BACKGROUND: Omega-3 fatty acids (FAs) have been shown to reduce experimental hepatic steatosis and protect the liver from ischaemia-reperfusion injury. The aim of this study was to examine the effects of omega-3 FAs on regeneration of steatotic liver. METHODS: Steatosis was induced in rats by a 3-week methionine/choline-deficient diet, which was continued for an additional 2 weeks in conjunction with oral administration of omega-3 FAs or saline solution. Steatosis was graded histologically and quantified by proton magnetic resonance spectroscopy ((1) H-MRS) before and after the diet/treatment. Liver function was determined by (99m) Tc-labelled mebrofenin hepatobiliary scintigraphy (HBS).

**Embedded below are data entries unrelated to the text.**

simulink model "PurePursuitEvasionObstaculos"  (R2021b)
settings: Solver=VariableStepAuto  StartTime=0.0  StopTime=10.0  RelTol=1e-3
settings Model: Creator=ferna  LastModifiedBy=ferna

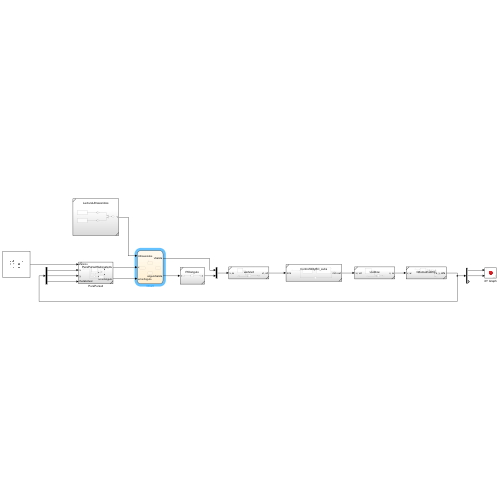
[thumbnail: Simulink's stored preview of the top-level diagram]
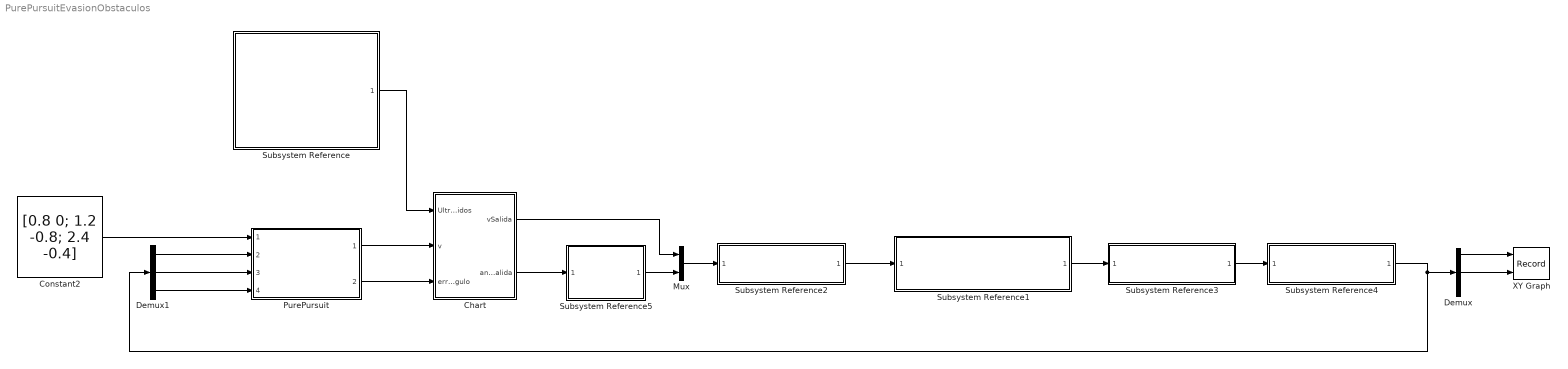
== system PurePursuitEvasionObstaculos ==
  Chart : Stateflow chart  TreatAsAtomicUnit=on
  Constant2 : Constant  Value=[0.8 0; 1.2 -0.8; 2.4 -0.4]  SampleTime=0.01
  Demux : Demux  Outputs=3
  Demux1 : Demux  Outputs=3
  Mux : Mux  Inputs=2
  PurePursuit : Subsystem  ReferencedSubsystem=PurePursuitSubsystem
  Subsystem Reference : Subsystem  ReferencedSubsystem=LecturaUltrasonidos
  Subsystem Reference1 : Subsystem  ReferencedSubsystem=ControlWillyBC_subs
  Subsystem Reference2 : Subsystem  ReferencedSubsystem=vw2vivd
  Subsystem Reference3 : Subsystem  ReferencedSubsystem=vivd2vw
  Subsystem Reference4 : Subsystem  ReferencedSubsystem=OdometriaWilly
  Subsystem Reference5 : Subsystem  ReferencedSubsystem=PIDangulo
  XY Graph : Record  FileSettingsInternal="{\"entries\":[{\"content\":{\"excelSettings\":{\"content\":{},\"type\":\"Streamout.ExcelSettings\"}},\"type\":\"Streamout.FileSettingStorage\",\"uuid\":\"a14bc50a-5f2a-439b-8a9b-59662c4d2e9b\"}],\"packageUris\":[\"http://schema.mathworks.com/mf0/streamout_blocks/R2020a\"],\"version\":\"1.0\"}"  Layout=[1 1]  SignalsInternal="{\"entries\":[{\"content\":{\"signals\":[{\"content\":{\"blockPath\":[\"untitled/XY Graph\"],\"channel\":[],\"dimensions\":[1],\"domain\":\"untitled/XY Graph\",\"lineColor\":\"#a2142f\",\"plots\":[1],\"port\":1,\"sid\":[],\"signalID\":18268,\"signalName\":\"Demux:1\"},\"type\":\"RecordBlkView.Signal\",\"uuid\":\"47203325-4981-4ccd-8073-3120472d8ed1\"},{\"content\":{\"blockPath\":[\"untitled/XY Graph\"],\"channel\":[],\"dimensions\":[1],\"domain\":\"untitled/XY Graph\",\"lineColor\":\"#139fff\",\"plots\":[1],\"port\":2,\"sid\":[],\"signalID\":18271,\"signalName\":\"Demux:2\"},\"type\":\"RecordBlkView.Signal\",\"uuid\":\"fdbc8a80-0acf-40c5-994d-c236eb1578e8\"}]},\"type\":\"RecordBlkView.InputSignals\",\"uuid\":\"c9309e59-ab10-4023-b8e0-f770fe59de6b\"}],\"packageUris\":[\"http://schema.mathworks.com/mf0/streamout_blocks/R2020a\"],\"version\":\"1.0\"}"  VisualizationBindings="{\"xyplotplugin\":{\"info\":[{\"series\":[{\"bindingParametersList\":[{\"parameter\":\"X-Axis\",\"signalID\":18268,\"signalName\":\"Demux:1\"},{\"parameter\":\"Y-Axis\",\"signalID\":18271,\"signalName\":\"Demux:2\"}],\"seriesID\":2480}],\"subplotID\":1}]}}"  CompatibilityTag=XY
  wires:
  Subsystem Reference2/1 -> Subsystem Reference1/1
  Demux/2 -> XY Graph/2
  Subsystem Reference3/1 -> Subsystem Reference4/1
  Subsystem Reference1/1 -> Subsystem Reference3/1
  Mux/1 -> Subsystem Reference2/1
  Subsystem Reference5/1 -> Mux/2
  Subsystem Reference4/1 -> Demux/1, Demux1/1
  Demux/1 -> XY Graph/1
  Constant2/1 -> PurePursuit/1
  Demux1/1 -> PurePursuit/2
  Demux1/2 -> PurePursuit/3
  Demux1/3 -> PurePursuit/4
  PurePursuit/2 -> Chart/3(errorAngulo)
  PurePursuit/1 -> Chart/2(v)
  Subsystem Reference/1 -> Chart/1(Ultrasonidos)
  Chart/1(vSalida) -> Mux/1
  Chart/2(anguloSalida) -> Subsystem Reference5/1

== stateflow chart PurePursuitEvasionObstaculos/Chart ==
  state SinObstaculos
  state ObstaculoIzquierda
  state ObstaculoDerecha
  state ObstaculoAmbos
  (default) -> SinObstaculos
  data: vSalida output; anguloSalida output Enum: ChartModeType; Ultrasonidos input; v input; errorAngulo input

In separate experiments, the hepatic regenerative capacity and functional recovery of omega-3 FA-treated, saline-treated or non-steatotic (control) rats were investigated 1, 2, 3 and 5 days after partial (70 per cent) liver resection by measurement of liver weight change and hepatocyte proliferation (Ki-67) and HBS. RESULTS: Severe steatosis (over 66 per cent) in the saline group was reduced by omega-3 FAs to mild steatosis (less than 33 per cent), and hepatic fat content as assessed by (1) H-MRS decreased 2·2-fold. (99m) Tc-mebrofenin uptake in the saline group was more than 50 per cent lower than in the control group, confirming the functional effects of steatosis. (99m) Tc-mebrofenin uptake and regenerated liver mass were significantly greater in the omega-3 group compared with the saline group on days 1 and 3. The posthepatectomy proliferation peak response was delayed until day 2 in saline-treated rats, compared with day 1 in the omega-3 and control groups. CONCLUSION: Omega-3 FAs effectively reduced severe hepatic steatosis, which was associated with improved liver regeneration and functional recovery following partial hepatectomy.